Task prompt: Within the records, which lines hold the string "trapezoid"? Report each one by copying it.

Supplied information:
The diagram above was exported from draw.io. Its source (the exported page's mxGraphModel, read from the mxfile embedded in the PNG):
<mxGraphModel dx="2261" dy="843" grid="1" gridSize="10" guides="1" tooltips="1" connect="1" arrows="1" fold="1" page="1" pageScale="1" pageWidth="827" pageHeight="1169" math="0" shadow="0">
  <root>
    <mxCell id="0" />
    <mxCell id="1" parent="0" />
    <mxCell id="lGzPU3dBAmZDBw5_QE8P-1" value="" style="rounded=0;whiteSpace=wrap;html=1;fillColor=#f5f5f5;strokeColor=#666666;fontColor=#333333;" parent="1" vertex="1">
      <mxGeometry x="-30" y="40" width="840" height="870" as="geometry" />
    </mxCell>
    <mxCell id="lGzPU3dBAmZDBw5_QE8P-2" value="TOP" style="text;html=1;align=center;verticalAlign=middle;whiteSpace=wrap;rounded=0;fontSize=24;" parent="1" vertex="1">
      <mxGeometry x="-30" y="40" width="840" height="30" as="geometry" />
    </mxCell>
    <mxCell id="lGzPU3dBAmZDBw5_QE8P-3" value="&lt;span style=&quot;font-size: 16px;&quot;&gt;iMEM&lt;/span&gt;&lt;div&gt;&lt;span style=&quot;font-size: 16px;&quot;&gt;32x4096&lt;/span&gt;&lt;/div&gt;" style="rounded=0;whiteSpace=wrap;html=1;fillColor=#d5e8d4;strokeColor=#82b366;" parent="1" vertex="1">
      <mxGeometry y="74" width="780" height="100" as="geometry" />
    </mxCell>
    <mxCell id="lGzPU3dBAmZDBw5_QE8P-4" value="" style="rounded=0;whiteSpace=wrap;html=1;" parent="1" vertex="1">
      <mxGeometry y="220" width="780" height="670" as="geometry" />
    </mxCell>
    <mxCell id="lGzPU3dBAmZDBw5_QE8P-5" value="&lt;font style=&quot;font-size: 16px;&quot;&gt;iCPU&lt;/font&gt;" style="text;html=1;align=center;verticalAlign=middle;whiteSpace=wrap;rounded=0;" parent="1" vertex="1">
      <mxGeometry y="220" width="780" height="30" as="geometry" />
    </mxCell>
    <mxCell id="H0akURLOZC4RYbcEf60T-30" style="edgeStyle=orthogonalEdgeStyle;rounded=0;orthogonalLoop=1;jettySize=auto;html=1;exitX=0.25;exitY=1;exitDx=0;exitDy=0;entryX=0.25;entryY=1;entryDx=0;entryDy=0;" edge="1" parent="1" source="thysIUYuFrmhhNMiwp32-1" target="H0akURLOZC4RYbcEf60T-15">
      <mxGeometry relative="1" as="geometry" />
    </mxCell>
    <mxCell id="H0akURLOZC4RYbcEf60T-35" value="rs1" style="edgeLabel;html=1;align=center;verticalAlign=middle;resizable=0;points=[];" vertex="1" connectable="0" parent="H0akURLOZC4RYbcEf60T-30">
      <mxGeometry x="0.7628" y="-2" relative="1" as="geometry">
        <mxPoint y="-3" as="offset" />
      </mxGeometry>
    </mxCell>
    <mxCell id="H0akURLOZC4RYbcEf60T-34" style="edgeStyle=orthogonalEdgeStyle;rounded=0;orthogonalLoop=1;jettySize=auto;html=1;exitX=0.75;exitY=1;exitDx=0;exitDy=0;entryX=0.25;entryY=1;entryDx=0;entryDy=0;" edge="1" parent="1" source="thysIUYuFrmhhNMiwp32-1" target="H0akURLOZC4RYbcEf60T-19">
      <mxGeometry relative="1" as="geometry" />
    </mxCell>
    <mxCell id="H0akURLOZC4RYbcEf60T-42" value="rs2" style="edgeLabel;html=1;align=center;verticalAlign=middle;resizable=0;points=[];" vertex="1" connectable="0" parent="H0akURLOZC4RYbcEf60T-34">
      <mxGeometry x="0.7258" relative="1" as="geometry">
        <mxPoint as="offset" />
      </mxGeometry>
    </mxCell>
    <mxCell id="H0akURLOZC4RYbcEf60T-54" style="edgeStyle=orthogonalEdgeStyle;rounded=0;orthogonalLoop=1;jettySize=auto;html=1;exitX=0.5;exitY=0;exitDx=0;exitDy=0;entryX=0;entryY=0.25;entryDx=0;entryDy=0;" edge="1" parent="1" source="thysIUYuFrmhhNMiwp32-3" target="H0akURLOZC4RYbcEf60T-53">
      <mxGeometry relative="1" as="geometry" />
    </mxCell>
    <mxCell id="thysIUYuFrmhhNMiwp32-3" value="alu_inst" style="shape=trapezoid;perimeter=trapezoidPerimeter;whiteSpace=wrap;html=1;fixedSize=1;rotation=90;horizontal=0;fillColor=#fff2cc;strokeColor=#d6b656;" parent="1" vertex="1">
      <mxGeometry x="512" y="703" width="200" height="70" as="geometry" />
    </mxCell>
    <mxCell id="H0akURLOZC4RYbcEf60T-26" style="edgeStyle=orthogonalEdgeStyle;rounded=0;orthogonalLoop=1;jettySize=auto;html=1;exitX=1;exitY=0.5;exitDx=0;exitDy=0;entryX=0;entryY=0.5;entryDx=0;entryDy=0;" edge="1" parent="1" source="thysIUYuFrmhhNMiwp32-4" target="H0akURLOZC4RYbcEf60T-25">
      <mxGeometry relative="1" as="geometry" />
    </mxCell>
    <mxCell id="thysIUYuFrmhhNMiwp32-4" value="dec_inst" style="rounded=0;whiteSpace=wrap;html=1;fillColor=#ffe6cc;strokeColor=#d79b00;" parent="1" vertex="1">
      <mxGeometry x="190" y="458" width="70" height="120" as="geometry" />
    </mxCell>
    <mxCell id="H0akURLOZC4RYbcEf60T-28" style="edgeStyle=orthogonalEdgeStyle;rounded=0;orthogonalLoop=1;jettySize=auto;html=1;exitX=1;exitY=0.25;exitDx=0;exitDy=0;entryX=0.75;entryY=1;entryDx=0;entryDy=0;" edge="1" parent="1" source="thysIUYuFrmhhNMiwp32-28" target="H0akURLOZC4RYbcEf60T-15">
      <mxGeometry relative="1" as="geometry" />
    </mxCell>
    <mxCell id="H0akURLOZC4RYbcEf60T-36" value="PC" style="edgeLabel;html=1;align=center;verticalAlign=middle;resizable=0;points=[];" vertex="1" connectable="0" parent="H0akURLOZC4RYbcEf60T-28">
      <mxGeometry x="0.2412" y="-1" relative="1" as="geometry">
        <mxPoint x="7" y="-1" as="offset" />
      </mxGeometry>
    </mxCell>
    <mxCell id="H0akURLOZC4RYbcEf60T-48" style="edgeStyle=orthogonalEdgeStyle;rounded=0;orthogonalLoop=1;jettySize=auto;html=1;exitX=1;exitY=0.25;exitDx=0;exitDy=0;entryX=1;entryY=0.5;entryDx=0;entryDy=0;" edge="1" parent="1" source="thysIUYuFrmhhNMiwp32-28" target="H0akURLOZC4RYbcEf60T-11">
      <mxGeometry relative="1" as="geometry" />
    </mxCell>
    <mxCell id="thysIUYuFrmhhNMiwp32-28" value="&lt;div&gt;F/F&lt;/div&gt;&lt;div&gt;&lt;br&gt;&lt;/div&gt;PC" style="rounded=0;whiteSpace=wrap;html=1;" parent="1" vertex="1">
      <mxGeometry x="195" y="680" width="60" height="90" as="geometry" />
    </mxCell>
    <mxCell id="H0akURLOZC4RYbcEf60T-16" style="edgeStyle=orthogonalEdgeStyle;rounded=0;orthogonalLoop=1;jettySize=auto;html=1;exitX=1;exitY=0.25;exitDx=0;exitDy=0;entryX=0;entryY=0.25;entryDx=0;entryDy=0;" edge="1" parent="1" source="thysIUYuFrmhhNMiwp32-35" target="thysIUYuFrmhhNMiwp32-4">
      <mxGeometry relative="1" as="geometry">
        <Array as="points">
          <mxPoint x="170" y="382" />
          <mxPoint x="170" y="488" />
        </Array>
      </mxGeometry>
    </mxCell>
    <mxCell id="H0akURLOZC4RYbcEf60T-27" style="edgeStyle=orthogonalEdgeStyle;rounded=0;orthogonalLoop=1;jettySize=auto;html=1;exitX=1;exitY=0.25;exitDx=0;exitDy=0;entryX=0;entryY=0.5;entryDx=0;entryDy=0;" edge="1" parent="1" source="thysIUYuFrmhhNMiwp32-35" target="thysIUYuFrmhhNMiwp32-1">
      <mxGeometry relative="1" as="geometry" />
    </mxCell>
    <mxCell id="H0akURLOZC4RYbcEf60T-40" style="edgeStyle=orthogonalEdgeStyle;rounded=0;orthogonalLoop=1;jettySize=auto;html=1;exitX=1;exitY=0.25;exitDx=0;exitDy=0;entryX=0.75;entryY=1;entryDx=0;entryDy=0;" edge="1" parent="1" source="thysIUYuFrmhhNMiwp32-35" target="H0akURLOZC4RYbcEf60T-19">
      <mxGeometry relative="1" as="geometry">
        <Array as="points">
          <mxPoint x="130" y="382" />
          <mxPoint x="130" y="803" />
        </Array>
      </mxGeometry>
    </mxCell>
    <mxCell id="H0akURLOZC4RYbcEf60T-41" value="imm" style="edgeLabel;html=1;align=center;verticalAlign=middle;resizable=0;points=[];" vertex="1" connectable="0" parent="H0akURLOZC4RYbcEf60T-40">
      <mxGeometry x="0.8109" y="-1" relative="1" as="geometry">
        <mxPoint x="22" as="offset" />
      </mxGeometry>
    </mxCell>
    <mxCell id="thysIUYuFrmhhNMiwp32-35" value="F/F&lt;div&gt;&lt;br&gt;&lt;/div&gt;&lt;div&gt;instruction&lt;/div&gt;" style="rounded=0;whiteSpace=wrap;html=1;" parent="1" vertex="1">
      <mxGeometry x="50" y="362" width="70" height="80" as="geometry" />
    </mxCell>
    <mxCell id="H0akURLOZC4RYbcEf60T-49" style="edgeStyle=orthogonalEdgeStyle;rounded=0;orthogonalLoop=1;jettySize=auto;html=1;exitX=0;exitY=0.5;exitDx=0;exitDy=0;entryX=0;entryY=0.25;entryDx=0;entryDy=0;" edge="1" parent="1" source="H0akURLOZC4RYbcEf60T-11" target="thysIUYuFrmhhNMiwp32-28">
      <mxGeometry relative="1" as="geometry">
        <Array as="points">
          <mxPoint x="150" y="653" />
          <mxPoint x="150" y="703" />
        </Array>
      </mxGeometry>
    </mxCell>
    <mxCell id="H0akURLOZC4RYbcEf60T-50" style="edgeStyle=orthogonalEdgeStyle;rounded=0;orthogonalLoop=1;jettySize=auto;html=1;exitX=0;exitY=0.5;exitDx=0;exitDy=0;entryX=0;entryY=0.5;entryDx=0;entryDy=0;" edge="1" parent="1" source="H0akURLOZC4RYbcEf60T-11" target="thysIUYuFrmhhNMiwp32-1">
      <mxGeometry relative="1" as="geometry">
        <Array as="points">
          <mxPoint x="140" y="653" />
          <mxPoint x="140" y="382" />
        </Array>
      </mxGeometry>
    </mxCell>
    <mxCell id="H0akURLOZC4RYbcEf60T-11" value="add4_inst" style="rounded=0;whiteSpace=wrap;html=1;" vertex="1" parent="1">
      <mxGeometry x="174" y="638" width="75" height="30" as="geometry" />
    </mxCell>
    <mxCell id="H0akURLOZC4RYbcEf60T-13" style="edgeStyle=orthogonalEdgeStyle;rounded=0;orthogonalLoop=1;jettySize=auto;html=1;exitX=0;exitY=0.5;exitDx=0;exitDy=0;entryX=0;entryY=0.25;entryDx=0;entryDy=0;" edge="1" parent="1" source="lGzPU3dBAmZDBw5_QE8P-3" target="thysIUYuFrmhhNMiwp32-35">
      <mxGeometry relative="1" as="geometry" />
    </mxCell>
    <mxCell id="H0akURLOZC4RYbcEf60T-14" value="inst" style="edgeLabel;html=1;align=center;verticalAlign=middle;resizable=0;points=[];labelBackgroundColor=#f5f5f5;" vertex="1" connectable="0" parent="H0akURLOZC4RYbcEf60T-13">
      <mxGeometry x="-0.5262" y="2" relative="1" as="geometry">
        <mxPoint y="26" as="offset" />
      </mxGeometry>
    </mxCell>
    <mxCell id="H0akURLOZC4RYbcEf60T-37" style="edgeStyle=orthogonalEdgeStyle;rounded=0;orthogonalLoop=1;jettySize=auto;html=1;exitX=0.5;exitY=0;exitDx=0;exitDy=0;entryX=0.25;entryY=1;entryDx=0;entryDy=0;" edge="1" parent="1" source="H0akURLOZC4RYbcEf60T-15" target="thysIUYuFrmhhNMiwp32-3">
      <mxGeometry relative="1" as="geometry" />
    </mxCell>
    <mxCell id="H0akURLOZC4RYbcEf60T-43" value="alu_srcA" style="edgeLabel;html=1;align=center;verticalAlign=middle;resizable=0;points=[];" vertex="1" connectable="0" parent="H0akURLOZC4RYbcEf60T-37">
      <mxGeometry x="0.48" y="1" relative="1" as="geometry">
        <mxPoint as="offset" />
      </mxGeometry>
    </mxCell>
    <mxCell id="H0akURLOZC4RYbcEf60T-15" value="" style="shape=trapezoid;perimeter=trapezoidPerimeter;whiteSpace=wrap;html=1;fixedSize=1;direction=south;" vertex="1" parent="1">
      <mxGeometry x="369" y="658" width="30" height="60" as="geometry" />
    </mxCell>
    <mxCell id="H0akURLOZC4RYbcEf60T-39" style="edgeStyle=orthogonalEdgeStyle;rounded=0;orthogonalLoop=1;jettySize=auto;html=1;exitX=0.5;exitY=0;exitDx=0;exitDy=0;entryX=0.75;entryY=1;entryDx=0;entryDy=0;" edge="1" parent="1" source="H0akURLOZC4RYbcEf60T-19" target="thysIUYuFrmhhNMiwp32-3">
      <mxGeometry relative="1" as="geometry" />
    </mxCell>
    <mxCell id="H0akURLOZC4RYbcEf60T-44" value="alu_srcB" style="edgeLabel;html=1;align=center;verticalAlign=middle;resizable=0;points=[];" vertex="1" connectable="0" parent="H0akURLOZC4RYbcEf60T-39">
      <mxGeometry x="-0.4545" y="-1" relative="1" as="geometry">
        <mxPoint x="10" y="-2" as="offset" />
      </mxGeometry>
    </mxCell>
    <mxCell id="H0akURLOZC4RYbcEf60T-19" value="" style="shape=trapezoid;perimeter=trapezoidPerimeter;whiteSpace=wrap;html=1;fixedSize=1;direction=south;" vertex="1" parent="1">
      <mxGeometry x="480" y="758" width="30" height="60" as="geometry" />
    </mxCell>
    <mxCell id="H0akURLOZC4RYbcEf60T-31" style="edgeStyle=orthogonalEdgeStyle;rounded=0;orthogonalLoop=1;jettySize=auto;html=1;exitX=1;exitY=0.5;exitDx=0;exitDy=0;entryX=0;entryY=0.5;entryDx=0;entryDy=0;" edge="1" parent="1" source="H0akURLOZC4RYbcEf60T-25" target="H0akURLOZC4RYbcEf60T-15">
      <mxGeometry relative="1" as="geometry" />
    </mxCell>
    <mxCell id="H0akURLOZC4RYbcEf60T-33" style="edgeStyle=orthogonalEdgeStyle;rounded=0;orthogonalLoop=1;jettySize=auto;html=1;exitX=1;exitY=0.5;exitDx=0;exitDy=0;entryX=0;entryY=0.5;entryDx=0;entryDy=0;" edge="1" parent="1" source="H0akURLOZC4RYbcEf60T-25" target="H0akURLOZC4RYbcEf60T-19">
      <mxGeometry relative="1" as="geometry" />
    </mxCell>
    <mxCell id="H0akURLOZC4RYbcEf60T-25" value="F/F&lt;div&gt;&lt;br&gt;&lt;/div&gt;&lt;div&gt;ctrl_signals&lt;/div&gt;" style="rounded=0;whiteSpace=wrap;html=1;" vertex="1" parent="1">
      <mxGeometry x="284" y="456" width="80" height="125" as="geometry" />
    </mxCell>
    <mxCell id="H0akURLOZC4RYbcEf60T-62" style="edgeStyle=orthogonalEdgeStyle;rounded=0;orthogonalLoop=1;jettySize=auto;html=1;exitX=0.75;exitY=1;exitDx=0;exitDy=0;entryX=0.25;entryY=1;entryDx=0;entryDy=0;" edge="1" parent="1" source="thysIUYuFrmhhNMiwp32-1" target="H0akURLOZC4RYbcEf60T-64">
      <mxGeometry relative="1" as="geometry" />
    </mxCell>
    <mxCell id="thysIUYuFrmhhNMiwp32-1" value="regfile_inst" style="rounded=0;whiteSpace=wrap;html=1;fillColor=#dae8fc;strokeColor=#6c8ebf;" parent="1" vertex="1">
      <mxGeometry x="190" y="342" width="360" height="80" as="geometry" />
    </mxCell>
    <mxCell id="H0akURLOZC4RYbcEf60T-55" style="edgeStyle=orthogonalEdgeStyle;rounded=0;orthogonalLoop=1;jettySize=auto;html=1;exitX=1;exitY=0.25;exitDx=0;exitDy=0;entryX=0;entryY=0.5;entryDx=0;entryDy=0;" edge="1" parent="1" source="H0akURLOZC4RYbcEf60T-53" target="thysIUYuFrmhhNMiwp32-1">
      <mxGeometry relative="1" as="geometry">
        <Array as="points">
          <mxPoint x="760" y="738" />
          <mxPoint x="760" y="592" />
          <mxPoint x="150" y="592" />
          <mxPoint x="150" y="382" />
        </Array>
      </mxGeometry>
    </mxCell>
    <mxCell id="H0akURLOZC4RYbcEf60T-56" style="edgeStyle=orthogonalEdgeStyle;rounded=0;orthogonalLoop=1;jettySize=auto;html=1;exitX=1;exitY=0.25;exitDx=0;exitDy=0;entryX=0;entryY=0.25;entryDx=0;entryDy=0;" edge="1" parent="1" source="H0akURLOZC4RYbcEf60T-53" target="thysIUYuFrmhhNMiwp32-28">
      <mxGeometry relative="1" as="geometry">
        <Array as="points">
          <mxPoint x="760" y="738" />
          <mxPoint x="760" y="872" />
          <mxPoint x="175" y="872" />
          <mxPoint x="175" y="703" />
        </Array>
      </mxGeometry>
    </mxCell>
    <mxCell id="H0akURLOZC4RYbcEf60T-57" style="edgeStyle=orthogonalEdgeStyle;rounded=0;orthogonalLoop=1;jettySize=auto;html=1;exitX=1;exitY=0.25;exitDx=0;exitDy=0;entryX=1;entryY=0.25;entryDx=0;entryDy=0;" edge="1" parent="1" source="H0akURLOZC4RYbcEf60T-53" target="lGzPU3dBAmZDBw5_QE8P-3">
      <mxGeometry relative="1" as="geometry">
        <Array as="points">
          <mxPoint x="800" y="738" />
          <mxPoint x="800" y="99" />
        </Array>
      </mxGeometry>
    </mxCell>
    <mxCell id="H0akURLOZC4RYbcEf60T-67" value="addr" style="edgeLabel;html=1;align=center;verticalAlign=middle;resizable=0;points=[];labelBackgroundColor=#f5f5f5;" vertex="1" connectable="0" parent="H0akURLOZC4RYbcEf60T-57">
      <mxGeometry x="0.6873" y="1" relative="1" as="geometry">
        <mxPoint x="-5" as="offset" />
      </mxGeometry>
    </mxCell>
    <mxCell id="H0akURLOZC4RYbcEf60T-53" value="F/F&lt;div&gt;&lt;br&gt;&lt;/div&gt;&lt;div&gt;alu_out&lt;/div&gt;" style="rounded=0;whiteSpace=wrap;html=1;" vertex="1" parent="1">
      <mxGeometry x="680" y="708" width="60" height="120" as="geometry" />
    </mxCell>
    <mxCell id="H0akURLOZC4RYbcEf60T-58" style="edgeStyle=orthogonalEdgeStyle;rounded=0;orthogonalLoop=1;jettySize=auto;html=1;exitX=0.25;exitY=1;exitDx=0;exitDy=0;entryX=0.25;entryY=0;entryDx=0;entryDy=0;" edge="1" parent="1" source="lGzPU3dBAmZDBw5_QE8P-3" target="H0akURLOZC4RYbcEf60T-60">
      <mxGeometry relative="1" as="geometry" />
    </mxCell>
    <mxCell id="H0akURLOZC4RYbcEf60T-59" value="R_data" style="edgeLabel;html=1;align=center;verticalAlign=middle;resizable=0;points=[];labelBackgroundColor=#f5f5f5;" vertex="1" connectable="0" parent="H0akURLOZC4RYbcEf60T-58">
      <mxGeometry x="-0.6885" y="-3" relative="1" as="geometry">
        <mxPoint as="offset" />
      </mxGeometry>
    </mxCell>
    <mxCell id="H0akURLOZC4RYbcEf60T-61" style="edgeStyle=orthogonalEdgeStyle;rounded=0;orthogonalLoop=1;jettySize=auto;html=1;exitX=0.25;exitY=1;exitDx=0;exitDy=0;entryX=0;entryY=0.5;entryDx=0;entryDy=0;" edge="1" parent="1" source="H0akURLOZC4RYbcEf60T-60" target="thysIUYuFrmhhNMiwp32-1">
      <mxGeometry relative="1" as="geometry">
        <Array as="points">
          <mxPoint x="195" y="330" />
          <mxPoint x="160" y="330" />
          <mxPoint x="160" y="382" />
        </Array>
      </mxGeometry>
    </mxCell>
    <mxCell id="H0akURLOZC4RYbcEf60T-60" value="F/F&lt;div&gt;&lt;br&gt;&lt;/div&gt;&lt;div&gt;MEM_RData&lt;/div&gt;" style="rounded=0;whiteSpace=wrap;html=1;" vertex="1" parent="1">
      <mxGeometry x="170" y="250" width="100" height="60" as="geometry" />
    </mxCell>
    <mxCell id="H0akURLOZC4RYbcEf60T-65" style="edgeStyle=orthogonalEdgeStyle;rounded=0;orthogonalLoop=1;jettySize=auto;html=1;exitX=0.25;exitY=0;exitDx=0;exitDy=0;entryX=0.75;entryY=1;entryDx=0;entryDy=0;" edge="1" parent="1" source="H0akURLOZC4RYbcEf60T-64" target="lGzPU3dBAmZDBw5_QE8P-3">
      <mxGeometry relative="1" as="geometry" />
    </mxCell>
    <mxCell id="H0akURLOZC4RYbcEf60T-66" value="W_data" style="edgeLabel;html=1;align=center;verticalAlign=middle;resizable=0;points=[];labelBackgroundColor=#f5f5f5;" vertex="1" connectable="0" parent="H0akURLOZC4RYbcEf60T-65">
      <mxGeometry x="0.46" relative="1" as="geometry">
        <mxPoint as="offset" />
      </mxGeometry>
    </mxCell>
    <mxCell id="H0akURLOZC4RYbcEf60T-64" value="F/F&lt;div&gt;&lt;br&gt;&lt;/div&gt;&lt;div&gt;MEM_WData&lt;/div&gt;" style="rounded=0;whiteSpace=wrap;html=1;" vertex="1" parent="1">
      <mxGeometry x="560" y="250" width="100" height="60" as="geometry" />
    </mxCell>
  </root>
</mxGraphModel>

Result:
    <mxCell id="thysIUYuFrmhhNMiwp32-3" value="alu_inst" style="shape=trapezoid;perimeter=trapezoidPerimeter;whiteSpace=wrap;html=1;fixedSize=1;rotation=90;horizontal=0;fillColor=#fff2cc;strokeColor=#d6b656;" parent="1" vertex="1">
    <mxCell id="H0akURLOZC4RYbcEf60T-15" value="" style="shape=trapezoid;perimeter=trapezoidPerimeter;whiteSpace=wrap;html=1;fixedSize=1;direction=south;" vertex="1" parent="1">
    <mxCell id="H0akURLOZC4RYbcEf60T-19" value="" style="shape=trapezoid;perimeter=trapezoidPerimeter;whiteSpace=wrap;html=1;fixedSize=1;direction=south;" vertex="1" parent="1">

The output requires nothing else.